Go through the entries one line at a time, and gather every line that has the word "import".

Provided data:
####

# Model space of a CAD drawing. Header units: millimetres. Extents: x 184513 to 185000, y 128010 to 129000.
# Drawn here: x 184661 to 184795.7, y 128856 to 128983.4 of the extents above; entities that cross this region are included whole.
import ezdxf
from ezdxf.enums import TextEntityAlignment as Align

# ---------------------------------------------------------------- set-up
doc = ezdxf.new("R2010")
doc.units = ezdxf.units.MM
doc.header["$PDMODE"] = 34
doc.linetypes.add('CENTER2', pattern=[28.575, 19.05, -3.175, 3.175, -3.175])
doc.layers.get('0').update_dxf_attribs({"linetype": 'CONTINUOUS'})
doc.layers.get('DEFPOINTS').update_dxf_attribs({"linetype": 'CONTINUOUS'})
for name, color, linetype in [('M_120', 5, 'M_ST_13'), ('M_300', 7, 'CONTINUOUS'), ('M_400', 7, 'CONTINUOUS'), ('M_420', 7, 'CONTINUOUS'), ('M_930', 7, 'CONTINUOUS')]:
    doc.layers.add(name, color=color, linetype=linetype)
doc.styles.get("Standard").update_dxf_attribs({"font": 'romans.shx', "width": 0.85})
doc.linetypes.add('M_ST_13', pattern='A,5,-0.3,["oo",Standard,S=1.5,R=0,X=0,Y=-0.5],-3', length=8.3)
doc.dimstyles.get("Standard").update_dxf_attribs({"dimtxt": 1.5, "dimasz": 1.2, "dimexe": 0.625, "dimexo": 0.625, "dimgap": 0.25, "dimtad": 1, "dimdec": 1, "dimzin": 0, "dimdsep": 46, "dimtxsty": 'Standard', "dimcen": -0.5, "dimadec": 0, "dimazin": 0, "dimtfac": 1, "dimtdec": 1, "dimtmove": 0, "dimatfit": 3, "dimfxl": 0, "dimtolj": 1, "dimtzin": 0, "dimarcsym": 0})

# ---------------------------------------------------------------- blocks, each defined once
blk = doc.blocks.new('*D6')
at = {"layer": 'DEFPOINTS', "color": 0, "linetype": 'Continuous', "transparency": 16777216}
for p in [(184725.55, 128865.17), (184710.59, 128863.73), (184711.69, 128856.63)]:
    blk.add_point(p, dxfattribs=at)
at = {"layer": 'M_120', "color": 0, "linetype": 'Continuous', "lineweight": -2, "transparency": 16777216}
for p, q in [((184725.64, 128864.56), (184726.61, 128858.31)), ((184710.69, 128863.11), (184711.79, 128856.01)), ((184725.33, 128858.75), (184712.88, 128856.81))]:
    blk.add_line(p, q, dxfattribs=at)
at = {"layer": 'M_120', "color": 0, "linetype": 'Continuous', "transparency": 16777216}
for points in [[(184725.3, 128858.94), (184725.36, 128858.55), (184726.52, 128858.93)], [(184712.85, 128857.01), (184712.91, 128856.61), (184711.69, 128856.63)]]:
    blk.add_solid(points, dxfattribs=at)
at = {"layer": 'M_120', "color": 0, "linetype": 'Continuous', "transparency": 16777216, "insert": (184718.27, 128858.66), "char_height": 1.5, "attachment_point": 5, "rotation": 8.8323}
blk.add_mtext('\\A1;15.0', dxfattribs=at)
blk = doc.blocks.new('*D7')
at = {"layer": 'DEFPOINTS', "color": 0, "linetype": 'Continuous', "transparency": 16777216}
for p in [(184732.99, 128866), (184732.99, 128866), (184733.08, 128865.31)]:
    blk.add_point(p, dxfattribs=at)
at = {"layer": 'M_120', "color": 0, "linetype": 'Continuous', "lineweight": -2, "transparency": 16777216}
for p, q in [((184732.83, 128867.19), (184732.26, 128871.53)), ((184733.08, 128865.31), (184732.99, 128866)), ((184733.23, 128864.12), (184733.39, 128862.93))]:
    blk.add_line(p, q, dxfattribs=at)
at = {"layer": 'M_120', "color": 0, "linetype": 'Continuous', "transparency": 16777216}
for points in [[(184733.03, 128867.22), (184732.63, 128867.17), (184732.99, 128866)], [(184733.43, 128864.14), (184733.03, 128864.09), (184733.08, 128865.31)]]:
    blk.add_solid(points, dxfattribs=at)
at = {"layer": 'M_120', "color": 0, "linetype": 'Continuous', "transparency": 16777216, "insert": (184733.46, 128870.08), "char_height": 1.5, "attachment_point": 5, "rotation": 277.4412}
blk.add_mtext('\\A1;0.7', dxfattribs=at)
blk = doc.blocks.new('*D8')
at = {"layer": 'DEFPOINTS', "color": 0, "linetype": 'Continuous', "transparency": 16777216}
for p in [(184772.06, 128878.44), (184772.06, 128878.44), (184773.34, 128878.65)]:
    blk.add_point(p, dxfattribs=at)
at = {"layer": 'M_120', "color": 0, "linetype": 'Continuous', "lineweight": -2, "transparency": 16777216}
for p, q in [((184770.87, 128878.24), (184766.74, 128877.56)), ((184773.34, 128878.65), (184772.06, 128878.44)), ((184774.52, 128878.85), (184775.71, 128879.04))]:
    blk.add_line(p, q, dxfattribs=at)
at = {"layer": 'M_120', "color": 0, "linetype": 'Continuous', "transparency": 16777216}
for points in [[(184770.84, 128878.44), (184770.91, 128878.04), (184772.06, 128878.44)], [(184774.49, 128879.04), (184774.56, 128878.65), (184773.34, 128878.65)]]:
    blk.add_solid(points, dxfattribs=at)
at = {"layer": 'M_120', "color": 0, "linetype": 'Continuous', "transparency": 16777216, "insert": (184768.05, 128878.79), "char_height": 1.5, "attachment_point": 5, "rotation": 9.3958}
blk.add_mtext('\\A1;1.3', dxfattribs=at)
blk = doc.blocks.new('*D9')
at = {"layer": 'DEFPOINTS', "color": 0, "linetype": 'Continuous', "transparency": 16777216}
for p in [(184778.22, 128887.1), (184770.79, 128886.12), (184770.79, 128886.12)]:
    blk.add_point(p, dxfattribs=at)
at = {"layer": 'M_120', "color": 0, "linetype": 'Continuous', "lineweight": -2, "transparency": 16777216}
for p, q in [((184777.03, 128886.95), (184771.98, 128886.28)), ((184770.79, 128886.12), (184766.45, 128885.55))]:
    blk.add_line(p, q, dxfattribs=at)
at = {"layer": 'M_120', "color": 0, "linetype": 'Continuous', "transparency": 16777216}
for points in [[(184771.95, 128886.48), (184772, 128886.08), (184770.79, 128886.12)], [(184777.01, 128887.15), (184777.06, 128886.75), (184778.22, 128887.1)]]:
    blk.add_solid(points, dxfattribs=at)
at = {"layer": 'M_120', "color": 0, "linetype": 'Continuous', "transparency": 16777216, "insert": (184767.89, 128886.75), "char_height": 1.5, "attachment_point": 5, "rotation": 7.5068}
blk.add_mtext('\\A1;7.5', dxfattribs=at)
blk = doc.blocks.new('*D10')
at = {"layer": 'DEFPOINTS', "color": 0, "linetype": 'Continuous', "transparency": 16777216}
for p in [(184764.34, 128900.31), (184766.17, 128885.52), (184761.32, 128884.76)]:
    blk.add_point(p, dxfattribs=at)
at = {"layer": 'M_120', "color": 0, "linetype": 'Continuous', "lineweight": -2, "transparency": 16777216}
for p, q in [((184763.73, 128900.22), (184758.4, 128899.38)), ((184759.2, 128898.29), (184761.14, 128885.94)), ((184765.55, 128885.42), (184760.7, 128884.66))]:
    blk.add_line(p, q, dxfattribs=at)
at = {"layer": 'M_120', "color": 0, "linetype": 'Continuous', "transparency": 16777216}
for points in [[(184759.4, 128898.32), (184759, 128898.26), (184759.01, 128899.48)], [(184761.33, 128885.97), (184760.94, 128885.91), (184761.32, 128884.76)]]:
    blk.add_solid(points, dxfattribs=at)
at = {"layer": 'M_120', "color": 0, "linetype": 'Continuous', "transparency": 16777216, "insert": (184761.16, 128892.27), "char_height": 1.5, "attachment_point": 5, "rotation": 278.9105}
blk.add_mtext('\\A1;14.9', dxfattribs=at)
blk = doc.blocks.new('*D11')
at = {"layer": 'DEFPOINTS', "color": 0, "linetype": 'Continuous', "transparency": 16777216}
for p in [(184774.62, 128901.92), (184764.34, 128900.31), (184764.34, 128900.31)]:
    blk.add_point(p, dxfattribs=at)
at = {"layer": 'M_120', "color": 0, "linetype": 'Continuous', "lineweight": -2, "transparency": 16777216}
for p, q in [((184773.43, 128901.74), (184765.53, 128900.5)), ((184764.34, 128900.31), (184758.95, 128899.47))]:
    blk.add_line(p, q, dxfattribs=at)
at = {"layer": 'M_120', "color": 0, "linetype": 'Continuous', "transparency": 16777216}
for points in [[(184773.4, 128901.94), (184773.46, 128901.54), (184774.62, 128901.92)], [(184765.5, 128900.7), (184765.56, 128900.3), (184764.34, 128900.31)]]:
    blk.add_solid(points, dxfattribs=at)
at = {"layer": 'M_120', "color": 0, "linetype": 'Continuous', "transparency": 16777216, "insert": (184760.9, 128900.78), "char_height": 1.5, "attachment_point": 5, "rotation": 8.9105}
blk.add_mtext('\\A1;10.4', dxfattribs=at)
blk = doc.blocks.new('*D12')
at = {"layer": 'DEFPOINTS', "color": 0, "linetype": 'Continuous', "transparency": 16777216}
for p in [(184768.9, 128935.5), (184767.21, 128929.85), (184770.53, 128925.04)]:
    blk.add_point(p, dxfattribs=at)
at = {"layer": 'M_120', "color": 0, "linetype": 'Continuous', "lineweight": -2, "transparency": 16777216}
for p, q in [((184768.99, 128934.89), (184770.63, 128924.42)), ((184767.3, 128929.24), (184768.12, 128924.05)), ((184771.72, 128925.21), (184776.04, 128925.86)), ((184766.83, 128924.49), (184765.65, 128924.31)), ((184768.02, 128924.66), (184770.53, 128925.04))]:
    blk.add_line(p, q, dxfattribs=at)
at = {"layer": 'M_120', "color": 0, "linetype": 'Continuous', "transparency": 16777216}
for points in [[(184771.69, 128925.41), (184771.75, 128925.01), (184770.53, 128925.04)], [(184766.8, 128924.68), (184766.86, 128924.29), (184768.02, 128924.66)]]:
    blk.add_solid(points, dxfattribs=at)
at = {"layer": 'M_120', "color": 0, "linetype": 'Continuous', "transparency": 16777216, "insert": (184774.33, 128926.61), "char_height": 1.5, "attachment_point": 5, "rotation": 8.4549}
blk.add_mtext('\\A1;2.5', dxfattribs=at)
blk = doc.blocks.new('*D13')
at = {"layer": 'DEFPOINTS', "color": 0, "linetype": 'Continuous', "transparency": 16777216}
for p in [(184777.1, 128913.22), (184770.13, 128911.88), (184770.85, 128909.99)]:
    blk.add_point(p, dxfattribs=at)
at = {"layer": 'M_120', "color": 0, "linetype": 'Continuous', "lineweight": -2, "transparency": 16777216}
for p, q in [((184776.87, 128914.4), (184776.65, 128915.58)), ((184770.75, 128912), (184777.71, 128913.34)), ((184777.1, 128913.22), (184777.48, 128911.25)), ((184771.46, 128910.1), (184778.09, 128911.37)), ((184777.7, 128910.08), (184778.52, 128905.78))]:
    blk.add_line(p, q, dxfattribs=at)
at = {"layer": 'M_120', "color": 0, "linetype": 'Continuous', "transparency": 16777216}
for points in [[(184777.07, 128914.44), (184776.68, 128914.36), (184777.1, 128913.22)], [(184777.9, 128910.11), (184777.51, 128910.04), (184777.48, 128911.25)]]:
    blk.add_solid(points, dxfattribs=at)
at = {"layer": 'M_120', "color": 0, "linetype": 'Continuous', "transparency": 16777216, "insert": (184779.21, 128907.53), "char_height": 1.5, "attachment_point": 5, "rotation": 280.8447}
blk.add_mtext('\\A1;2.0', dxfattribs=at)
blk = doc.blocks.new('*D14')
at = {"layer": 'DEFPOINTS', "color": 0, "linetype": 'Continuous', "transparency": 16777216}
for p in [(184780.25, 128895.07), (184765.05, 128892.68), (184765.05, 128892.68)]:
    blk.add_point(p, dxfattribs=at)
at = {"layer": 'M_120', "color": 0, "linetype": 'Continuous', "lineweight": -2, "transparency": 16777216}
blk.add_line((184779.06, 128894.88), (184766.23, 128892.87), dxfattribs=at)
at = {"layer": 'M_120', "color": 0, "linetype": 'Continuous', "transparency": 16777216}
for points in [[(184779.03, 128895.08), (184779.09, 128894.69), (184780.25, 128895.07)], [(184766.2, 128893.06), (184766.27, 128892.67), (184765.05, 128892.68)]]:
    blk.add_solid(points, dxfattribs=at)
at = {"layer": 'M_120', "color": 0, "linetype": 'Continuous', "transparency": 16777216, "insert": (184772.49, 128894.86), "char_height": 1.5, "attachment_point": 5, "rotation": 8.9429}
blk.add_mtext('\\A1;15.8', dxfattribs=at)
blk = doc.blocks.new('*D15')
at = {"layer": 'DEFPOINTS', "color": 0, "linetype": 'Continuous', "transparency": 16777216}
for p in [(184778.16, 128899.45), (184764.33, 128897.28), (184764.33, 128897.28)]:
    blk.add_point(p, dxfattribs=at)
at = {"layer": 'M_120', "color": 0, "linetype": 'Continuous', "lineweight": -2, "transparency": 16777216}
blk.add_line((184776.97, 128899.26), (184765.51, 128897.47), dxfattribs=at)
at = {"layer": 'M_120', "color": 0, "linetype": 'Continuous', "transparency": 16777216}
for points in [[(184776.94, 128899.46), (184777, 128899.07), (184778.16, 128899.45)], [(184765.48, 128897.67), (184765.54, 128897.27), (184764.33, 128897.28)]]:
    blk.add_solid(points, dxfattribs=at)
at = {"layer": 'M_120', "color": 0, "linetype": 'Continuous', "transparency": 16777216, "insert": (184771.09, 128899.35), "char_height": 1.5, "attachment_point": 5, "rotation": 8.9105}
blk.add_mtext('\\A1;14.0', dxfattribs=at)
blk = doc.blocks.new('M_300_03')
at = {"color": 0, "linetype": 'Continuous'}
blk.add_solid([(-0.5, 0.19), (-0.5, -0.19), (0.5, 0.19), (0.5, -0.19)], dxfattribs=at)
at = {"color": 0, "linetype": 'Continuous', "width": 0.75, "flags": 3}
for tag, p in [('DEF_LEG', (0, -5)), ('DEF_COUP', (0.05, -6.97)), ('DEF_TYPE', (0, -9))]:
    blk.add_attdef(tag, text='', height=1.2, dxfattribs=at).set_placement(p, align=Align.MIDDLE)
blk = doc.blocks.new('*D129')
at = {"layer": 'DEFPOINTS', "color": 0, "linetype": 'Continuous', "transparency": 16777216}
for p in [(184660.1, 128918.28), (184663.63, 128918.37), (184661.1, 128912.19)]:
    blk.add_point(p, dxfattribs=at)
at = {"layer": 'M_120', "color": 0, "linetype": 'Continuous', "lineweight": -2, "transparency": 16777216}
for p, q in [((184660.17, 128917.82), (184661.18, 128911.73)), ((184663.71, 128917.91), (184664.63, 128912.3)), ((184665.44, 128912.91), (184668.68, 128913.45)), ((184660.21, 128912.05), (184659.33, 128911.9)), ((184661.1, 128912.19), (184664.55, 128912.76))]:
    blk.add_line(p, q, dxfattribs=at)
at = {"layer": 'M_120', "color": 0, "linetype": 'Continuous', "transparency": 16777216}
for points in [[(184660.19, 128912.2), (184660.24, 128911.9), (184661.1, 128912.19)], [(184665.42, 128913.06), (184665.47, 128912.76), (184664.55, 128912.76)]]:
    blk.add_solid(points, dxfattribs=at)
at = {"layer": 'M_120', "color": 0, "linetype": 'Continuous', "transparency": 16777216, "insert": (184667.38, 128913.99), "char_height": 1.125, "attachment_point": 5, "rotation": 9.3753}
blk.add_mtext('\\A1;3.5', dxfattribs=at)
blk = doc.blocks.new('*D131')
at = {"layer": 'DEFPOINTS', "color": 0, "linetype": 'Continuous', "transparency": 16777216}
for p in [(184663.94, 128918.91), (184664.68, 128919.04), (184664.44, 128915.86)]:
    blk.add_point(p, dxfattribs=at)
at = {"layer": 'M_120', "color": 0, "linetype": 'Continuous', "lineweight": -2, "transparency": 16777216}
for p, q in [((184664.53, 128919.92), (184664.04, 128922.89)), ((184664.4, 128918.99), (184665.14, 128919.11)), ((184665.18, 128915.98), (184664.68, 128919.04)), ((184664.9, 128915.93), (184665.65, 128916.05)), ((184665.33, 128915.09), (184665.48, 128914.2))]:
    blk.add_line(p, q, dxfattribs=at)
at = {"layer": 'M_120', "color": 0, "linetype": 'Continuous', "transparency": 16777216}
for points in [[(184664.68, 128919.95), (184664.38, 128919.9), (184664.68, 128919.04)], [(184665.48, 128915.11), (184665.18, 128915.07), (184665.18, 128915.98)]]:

####

Task answer:
import ezdxf
from ezdxf.enums import TextEntityAlignment as Align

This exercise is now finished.